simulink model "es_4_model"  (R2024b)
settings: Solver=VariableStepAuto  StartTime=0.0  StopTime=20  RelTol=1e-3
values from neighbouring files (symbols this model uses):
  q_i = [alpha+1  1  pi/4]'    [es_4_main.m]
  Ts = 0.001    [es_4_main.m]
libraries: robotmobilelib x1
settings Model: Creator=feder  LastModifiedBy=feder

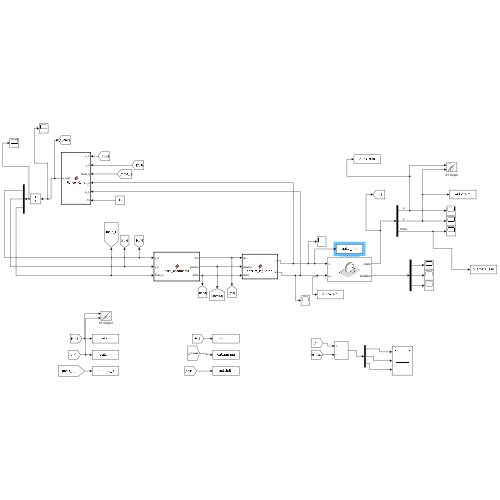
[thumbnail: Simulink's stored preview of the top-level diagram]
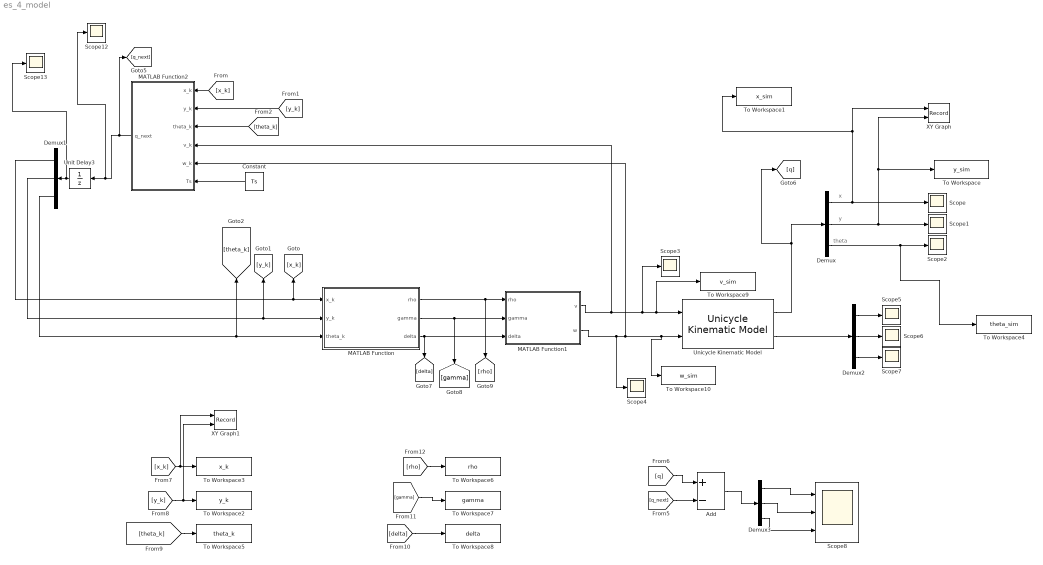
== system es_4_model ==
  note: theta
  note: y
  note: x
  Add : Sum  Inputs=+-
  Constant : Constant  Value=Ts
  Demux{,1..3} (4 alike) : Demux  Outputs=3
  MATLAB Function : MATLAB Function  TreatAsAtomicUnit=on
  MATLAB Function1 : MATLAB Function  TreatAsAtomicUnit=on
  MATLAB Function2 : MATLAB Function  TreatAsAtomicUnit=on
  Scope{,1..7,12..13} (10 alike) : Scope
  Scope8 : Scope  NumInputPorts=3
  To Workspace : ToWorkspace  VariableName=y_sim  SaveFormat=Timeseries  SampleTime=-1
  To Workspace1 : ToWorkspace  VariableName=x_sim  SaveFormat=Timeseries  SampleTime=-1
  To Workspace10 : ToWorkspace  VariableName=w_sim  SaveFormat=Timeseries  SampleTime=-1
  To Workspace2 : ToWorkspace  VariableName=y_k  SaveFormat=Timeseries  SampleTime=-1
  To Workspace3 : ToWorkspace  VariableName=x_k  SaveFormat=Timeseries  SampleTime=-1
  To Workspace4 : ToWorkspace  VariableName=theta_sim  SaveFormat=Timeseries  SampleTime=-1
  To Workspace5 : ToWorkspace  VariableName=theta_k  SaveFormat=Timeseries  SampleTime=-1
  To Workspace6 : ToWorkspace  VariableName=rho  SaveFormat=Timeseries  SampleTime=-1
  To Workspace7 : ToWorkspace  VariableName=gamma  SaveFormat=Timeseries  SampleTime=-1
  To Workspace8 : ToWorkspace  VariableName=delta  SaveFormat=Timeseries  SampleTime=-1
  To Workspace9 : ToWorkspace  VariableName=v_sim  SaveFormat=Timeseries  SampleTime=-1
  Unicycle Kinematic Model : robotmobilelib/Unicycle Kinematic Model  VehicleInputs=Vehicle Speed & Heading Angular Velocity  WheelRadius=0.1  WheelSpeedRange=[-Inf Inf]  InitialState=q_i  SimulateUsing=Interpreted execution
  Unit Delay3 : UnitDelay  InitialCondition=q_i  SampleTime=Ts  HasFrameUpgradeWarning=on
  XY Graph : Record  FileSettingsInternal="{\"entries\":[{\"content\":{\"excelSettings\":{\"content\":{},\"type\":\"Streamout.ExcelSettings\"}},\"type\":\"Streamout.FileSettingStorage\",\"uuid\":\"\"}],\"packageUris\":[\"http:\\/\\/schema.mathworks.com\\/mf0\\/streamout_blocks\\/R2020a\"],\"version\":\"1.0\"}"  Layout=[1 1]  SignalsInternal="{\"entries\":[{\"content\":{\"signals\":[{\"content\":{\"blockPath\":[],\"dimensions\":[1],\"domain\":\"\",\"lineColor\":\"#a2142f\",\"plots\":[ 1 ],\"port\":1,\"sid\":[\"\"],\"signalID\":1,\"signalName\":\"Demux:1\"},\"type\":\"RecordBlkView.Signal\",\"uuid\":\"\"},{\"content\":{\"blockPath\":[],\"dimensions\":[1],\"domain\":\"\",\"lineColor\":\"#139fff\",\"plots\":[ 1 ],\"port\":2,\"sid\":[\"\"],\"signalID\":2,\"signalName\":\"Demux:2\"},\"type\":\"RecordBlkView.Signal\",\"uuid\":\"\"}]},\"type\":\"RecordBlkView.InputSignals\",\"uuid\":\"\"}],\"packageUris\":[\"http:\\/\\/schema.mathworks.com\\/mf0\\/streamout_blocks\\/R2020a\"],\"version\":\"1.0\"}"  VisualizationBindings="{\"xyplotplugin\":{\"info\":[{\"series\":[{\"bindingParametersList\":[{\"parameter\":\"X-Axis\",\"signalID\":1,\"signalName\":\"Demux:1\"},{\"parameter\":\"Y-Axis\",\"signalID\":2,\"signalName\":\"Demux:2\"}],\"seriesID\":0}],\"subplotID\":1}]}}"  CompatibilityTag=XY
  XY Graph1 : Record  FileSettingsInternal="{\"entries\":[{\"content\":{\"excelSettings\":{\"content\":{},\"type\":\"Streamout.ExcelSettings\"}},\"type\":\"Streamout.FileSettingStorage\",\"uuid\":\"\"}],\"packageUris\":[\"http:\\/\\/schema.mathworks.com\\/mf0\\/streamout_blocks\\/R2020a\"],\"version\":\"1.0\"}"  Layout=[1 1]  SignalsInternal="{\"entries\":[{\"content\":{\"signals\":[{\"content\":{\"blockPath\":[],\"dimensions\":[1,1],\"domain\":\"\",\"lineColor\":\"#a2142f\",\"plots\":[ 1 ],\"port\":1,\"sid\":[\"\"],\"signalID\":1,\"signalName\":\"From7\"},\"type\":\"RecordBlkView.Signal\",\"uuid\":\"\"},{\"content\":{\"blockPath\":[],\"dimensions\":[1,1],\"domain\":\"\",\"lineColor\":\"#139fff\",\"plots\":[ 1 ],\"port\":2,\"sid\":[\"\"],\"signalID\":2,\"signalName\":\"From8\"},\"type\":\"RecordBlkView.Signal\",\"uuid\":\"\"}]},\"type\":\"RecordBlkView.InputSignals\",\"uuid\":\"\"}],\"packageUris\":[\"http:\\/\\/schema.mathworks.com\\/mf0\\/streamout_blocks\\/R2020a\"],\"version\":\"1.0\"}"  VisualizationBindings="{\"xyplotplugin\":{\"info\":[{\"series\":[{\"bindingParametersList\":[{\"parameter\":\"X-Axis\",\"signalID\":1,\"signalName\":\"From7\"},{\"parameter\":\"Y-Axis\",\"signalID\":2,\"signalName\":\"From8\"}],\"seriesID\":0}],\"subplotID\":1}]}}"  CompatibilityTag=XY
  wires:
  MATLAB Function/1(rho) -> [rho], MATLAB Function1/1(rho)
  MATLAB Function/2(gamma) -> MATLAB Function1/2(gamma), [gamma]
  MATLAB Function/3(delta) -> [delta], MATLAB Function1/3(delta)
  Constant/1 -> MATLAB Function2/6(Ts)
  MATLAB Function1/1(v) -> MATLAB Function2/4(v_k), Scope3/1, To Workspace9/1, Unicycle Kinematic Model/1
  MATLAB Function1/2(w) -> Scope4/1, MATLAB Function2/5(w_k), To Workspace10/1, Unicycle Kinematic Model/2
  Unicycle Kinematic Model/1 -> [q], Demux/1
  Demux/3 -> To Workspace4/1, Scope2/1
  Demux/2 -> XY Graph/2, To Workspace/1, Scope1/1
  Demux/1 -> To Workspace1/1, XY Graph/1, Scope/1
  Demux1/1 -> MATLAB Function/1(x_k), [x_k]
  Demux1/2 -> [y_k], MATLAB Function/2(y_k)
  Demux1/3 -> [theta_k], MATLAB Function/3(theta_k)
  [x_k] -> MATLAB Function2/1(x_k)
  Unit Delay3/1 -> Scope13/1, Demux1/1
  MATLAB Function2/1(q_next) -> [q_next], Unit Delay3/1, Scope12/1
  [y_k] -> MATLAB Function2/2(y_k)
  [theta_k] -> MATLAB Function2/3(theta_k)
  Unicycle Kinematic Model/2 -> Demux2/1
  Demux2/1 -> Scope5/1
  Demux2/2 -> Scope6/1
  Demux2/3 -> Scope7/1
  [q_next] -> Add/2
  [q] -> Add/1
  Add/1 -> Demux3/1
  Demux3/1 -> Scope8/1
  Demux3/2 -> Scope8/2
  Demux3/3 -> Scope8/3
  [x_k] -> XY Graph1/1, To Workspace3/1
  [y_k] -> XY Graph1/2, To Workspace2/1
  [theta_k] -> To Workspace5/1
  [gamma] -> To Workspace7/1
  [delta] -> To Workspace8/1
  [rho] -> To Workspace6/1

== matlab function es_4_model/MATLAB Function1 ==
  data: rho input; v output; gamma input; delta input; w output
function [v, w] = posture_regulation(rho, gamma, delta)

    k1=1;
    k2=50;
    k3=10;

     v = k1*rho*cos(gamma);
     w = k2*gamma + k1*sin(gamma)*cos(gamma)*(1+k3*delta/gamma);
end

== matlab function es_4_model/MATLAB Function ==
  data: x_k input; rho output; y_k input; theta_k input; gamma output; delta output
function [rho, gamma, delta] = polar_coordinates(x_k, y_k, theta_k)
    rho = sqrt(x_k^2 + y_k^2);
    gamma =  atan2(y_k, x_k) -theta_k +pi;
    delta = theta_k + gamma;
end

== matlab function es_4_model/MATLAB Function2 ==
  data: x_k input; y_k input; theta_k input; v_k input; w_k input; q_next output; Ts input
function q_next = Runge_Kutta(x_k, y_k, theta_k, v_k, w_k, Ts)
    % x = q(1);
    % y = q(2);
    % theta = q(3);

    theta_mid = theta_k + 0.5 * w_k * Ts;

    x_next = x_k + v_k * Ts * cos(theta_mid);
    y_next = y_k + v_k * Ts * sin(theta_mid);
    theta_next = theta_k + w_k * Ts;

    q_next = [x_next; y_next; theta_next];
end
___
The problem:
Print the material above verbatim, first line through the line containing "settings Model: Creator=feder", both included.

Response to this task:
simulink model "es_4_model"  (R2024b)
settings: Solver=VariableStepAuto  StartTime=0.0  StopTime=20  RelTol=1e-3
values from neighbouring files (symbols this model uses):
  q_i = [alpha+1  1  pi/4]'    [es_4_main.m]
  Ts = 0.001    [es_4_main.m]
libraries: robotmobilelib x1
settings Model: Creator=feder  LastModifiedBy=feder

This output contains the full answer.